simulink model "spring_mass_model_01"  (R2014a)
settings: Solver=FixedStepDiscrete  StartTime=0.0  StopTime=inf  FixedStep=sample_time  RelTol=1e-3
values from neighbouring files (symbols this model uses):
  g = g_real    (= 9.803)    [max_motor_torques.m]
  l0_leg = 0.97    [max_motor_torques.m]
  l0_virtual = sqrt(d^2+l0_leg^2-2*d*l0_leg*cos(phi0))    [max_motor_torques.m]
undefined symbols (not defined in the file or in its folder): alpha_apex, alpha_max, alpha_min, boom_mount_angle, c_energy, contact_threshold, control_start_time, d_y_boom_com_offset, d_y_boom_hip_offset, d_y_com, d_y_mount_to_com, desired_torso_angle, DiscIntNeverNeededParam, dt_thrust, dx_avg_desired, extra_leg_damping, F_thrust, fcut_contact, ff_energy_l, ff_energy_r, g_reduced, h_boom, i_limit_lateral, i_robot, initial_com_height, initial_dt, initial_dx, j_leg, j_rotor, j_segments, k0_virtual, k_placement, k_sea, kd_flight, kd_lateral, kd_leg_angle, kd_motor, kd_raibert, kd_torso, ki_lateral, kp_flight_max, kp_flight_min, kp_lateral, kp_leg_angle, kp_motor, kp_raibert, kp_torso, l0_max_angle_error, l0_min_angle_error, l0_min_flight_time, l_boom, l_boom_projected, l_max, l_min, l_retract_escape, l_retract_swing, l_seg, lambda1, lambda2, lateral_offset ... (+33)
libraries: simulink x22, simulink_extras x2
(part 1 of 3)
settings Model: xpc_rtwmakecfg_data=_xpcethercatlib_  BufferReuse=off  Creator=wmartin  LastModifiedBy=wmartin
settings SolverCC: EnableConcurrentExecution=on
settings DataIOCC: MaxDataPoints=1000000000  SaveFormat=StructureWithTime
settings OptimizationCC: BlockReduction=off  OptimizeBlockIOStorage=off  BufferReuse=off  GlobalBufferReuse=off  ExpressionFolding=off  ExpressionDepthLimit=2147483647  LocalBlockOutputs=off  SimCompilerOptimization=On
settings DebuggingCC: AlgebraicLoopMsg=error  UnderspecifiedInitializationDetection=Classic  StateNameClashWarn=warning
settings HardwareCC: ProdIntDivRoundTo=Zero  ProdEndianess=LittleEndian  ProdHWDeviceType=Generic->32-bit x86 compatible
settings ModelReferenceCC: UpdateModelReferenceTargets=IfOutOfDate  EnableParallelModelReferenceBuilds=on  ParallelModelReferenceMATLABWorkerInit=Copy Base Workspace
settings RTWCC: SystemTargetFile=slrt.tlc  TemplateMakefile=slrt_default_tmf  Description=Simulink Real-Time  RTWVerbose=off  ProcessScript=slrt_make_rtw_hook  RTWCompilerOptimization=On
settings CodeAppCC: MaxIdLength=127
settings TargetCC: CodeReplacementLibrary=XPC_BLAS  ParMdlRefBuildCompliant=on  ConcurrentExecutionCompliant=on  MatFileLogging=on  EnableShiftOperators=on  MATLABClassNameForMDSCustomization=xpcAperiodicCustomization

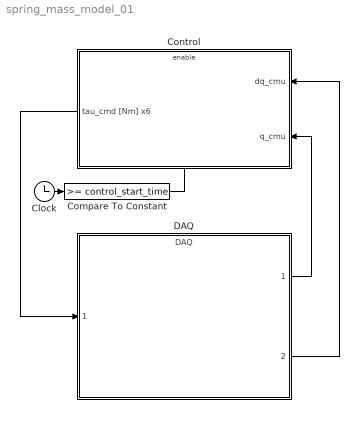
== system spring_mass_model_01 ==
  Clock : Clock
  Compare To Constant : simulink/Logic and Bit Operations/Compare To Constant  relop=>=  const=control_start_time  OutDataTypeStr=boolean
  Control : Subsystem
  DAQ : ModelReference  ModelNameDialog=DAQ  SimulationMode=Normal  ModelReferenceVersion=1.1655  CopyOfModelName=DAQ  DefaultDataLogging=on
  wires:
  DAQ/1 -> Control/2(q_cmu)
  DAQ/2 -> Control/1(dq_cmu)
  Clock/1 -> Compare To Constant/1
  Compare To Constant/1 -> Control/Enable
  Control/1(tau_cmd [Nm] x6) -> DAQ/1

== system spring_mass_model_01/Control ==
  dq_cmu : Inport
  q_cmu : Inport  Port=2
  Enable : EnablePort  StatesWhenEnabling=reset
  Actuator Control : ModelReference  ModelNameDialog=Actuator_Control  SimulationMode=Normal  ModelReferenceVersion=1.22  CopyOfModelName=Actuator_Control  DefaultDataLogging=on
  Behavior Control : Subsystem
  tau_cmd [Nm] x6 : Outport  InitialOutput=[0 0 0 0 0 0]
  wires:
  Behavior Control/1(Motor Torque Command [Nm] x6) -> Actuator Control/1
  dq_cmu/1 -> Behavior Control/1(dq_cmu), Actuator Control/4
  Actuator Control/1 -> tau_cmd [Nm] x6/1
  q_cmu/1 -> Behavior Control/2(q_cmu), Actuator Control/3
  Behavior Control/2(Force / Position Control [1/0] x4) -> Actuator Control/2

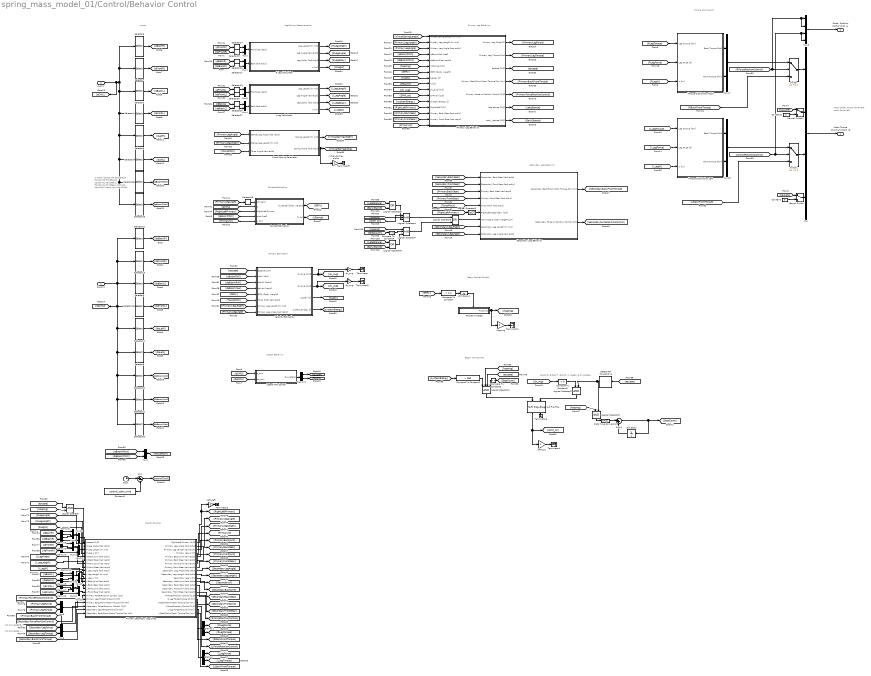
== system spring_mass_model_01/Control/Behavior Control ==
  note: not connected -->
  note: revert to raibert if velocity is negative on escape
  note: Motor Order:
      |
      | backR
      | frontR
      | latR
      | backL
      | frontL
      | latL
  note: q Order:
      |
      | backJointR
      | backGearR
      | frontJointR
      | frontGearR
      |
      | backJointL
      | backGearL
      | frontJointL
      | frontGearL
      |
      | latR
      | latL
      |
      | boomRoll
      | boomYaw
      | boomPitch
  note: Inputs
  note: Primary Leg Behavior
  note: Secondary Leg Behavior
  note: Torque Commands
  note: Lateral Behavior
  note: Leg/Spring Measurements
  note: Contact Estimation
  note: Velocity Estimation
  note: Begin SMM Control
  note: Begin Raibert Control
  note: Signal Routing
  note: not connected -->
  dq_cmu : Inport
  q_cmu : Inport  Port=2
  Clock : Clock
  Compare To Constant : simulink/Logic and Bit Operations/Compare To Constant  relop=>  const=1.4  OutDataTypeStr=boolean
  Compare To Constant1 : simulink/Logic and Bit Operations/Compare To Constant  relop=>  const=350  OutDataTypeStr=boolean
  Compare To Constant2 : simulink/Logic and Bit Operations/Compare To Constant  relop=<  const=0  OutDataTypeStr=boolean  ZeroCross=off
  Compare To Constant3 : simulink/Logic and Bit Operations/Compare To Constant  relop=>  const=4  OutDataTypeStr=boolean
  Compare To Constant4 : simulink/Logic and Bit Operations/Compare To Constant  relop=>  const=2  OutDataTypeStr=boolean
  Constant : Constant  Value=0
  Constant1 : Constant  Value=0
  Constant2 : Constant  Value=control_start_time
  Contact Estimation : Subsystem
  Data Type Conversion : DataTypeConversion  OutDataTypeStr=uint32
  Demux{,1..10} (11 alike) : Demux  Outputs=2
  Detect Fall Nonpositive : simulink/Logic and Bit Operations/Detect Fall Nonpositive  vinit=0  InputProcessing=Inherited  OutDataTypeStr=boolean
  L Leg Calculator : Subsystem
  Lateral PID Control : Subsystem
  Logical Operator : Logic  IconShape=distinctive  AllPortsSameDT=off  OutDataTypeStr=boolean
  Logical Operator1 : Logic  Inputs=4  IconShape=distinctive  AllPortsSameDT=off  OutDataTypeStr=boolean
  Logical Operator2 : Logic  IconShape=distinctive  AllPortsSameDT=off  OutDataTypeStr=boolean
  Logical Operator3 : Logic  Operator=NOT  AllPortsSameDT=off  OutDataTypeStr=boolean
  Logical Operator4 : Logic  Inputs=3  AllPortsSameDT=off  OutDataTypeStr=boolean
  Logical Operator5 : Logic  IconShape=distinctive  AllPortsSameDT=off  OutDataTypeStr=boolean
  Logical Operator6 : Logic  Operator=OR  AllPortsSameDT=off  OutDataTypeStr=boolean
  Logical Operator7 : Logic  Inputs=3  AllPortsSameDT=off  OutDataTypeStr=boolean
  Logical Operator8 : Logic  Operator=OR  AllPortsSameDT=off  OutDataTypeStr=boolean
  Logical Operator9 : Logic  Operator=OR  AllPortsSameDT=off  OutDataTypeStr=boolean
  Manual Switch : ManualSwitch
  Manual Switch1 : ManualSwitch
  Mux : Mux
  Mux{1..2,4..18} (17 alike) : Mux  Inputs=2
  Mux3 : Mux
  Primary Leg Behavior : Subsystem
  Primary Secondary Leg Swap : Subsystem
  R Leg Calculator : Subsystem
  Raibert Initiated : Subsystem
  S-R Flip-Flop : simulink_extras/Flip Flops/S-R Flip-Flop  initial_condition=0
  SMM_on : Gain
  Secondary Leg Behavior : Subsystem
  Selector1 : Selector  InputPortWidth=13  Indices=[10]
  Selector10 : Selector  InputPortWidth=13  Indices=[7 8]
  Selector11 : Selector  InputPortWidth=13  Indices=[9]
  Selector12 : Selector  InputPortWidth=13  Indices=[1 2]
  Selector13 : Selector  InputPortWidth=13  Indices=[3 4]
  Selector{14..17,19,24..27} (9 alike) : Selector  InputPortWidth=2  Indices=[1]
  Selector18 : Selector  InputPortWidth=13  Indices=[13]
  Selector2 : Selector  InputPortWidth=13  Indices=[5 6]
  Selector20 : Selector  InputPortWidth=13  Indices=[13]
  Selector21 : Selector  InputPortWidth=13  Indices=[11]
  Selector22 : Selector  InputPortWidth=13  Indices=[12]
  Selector23 : Selector  InputPortWidth=13  Indices=[11]
  Selector4 : Selector  InputPortWidth=13  Indices=[7 8]
  Selector5 : Selector  InputPortWidth=13  Indices=[9]
  Selector6 : Selector  InputPortWidth=13  Indices=[1 2]
  Selector7 : Selector  InputPortWidth=13  Indices=[3 4]
  Selector8 : Selector  InputPortWidth=13  Indices=[10]
  Selector9 : Selector  InputPortWidth=13  Indices=[5 6]
  Sum : Sum  Inputs=|+-
  Sum1 : Sum  Inputs=|++  OutMin=0
  Switch : Switch  Criteria=u2 ~= 0
  Switch1 : Switch  Criteria=u2 ~= 0
  Terminator{,1..6} (7 alike) : Terminator
  Torque Distribution Left : Subsystem
  Torque Distribution Right : Subsystem
  Unit Delay : UnitDelay  SampleTime=-1
  Unit Delay1 : UnitDelay  SampleTime=sample_time
  Velocity Estimation : Subsystem
  Virtual Spring Calculator : Subsystem
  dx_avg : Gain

-----

Each line from the top of the material above through the line containing "l0_virtual = sqrt(d^2+l0_leg^2-2*d*l0_leg*cos(phi0))" must be output exactly, and no other line.

simulink model "spring_mass_model_01"  (R2014a)
settings: Solver=FixedStepDiscrete  StartTime=0.0  StopTime=inf  FixedStep=sample_time  RelTol=1e-3
values from neighbouring files (symbols this model uses):
  g = g_real    (= 9.803)    [max_motor_torques.m]
  l0_leg = 0.97    [max_motor_torques.m]
  l0_virtual = sqrt(d^2+l0_leg^2-2*d*l0_leg*cos(phi0))    [max_motor_torques.m]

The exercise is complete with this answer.